At any rate, Emily will be having a bronchoscopy July 2. It was scheduled for last month, but with the liver issues, we postponed. Now, it has come up again as something we need to do. The doctor will be looking for signs of bleeding as the last bronch showed a high number of hemosiderin laden macrophages. This will be done to rule out pulmonary hemmorhage. The doctor is also going to wash out any trapped mucus and culture it to make sure there aren't any bad bugs growing in her lungs. Fingers crossed that all goes well!

Issues and no answers

Been a little while since I updated last. Not sure where to start.

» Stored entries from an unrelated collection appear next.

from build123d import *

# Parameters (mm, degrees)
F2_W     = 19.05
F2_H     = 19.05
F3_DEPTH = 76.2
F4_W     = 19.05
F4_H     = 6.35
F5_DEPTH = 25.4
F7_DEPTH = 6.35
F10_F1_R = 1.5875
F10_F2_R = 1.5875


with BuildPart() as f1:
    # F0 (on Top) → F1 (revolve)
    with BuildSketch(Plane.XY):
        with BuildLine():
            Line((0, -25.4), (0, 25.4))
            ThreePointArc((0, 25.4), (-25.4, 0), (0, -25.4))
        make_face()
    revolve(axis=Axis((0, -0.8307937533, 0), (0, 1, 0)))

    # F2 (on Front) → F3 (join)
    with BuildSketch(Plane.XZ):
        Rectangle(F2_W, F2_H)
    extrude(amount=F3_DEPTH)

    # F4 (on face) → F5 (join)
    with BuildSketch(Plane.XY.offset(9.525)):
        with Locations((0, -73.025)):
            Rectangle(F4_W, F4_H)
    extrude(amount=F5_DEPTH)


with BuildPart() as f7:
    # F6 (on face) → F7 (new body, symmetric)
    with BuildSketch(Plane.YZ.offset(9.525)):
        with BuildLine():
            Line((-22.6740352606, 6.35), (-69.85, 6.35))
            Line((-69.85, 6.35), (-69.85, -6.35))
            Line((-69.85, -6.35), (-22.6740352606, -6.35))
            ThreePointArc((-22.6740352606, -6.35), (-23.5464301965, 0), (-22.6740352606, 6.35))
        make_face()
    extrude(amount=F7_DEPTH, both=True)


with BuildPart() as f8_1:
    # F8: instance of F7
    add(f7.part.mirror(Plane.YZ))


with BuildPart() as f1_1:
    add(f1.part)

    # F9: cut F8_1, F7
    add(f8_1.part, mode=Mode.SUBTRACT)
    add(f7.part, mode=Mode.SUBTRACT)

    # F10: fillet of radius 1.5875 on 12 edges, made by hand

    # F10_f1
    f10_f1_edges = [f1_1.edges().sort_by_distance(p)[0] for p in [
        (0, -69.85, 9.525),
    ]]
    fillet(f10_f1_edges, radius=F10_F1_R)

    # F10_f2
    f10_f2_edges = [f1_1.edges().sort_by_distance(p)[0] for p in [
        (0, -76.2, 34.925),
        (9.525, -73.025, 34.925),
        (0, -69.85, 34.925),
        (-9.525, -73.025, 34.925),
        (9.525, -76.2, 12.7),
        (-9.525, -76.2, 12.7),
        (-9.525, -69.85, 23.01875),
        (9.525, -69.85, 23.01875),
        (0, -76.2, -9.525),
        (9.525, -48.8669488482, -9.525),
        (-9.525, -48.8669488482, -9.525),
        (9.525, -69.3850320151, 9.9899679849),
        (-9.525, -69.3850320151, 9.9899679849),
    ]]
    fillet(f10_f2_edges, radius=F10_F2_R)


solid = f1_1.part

Emily is still having issues, but no answers. She had an appointment with the lung doctor in Cincy, and they are very pleased with her lung progress...so much that she does not have to go back there anymore. She is to follow up as planned in Louisville with pulmonology next month. Cincy doctor did reccomend we get Emily an echocardiogram due to all the swelling (to rule out pulmonary hypertension), and that thankfully came out okay. That is great except Emily is still puffy, weight fluctuates 3-6 pounds up and down, her left arm and leg at times are much larger than her right, and at times the veins in her neck stick way out and visibly "pound" (and she whines and complains that this really hurts when they are doing this). At other times, she doesn't look too bad. What we have found that what helps somewhat is wearing oxygen most of the time (her weight holds steady at 47-48 pounds on oxygen, but it jumps to 51-53 after being off for more than a few hours. When her weight goes up is when she starts breathing harder, whining a lot, complaining of the neck pain, etc. That seems to be when her arm, leg, face, and belly puff up too. Why this is happening, we don't know. This is very frustrating for us, especially as we don't feel like anyone seems to care to find the cause. I think the doctors have written it off as "side effects of medication," but I would think it would have gotten better by now. I do find comfort in the fact that at least she is doing so well, other than these "minor" complaints.

Otherwise she is doing great! She finished out her wrestling season with a Freestyle State Championship...very exciting! We are not signing her up for any additional sports right now until we feel more comfortable with whatever is going on with her health. We also have her follow-up bronchoscopy on hold for the same reason. I'm not about to rock the boat!

She continues to go to school and is doing very well. She has developed a lot of pre-reading and math skills and is even trying to spell out easy words. Not bad for a kid who has only been talking 16 months! We went to parent teacher conferences and her teacher is pleased with her. Emily will not be going to kindergarten next year due to her late birthday (missed the cut-off), but that's probably for the best anyway. She has missed a LOT of school this year, and I am not sure how "real" school will deal with that, and frankly, we're not too anxious to find out. :)

Grizzly Iron Man

The boys wrestled at the Grizzly Iron Man Tournament today and did great! So far, Ryan won the Freestyle division and got second in Greco, while Ashton brought home the silver medal in each! Tomorrow is the Folkstyle portion of the tournament, so we will be up and at 'em early again tomorrow.

Emily did not wrestle today, but she came along and played with and cheered for her brothers and teammates. She must have peed 45 times today, and I am hoping that might mean that her weight will be down some...will check it in the morning.

Pics of the kids posted, in no particular order. The first is of Emily resting in a lawn chair between the boys' matches, then Braylon early this morning, Ryan with his medals (so far, hopefully there will be another one tomorrow), then the others are of Emily with teammate Skyler. Emily says Skyler is her "boyfriend," and he is a great kid to play along.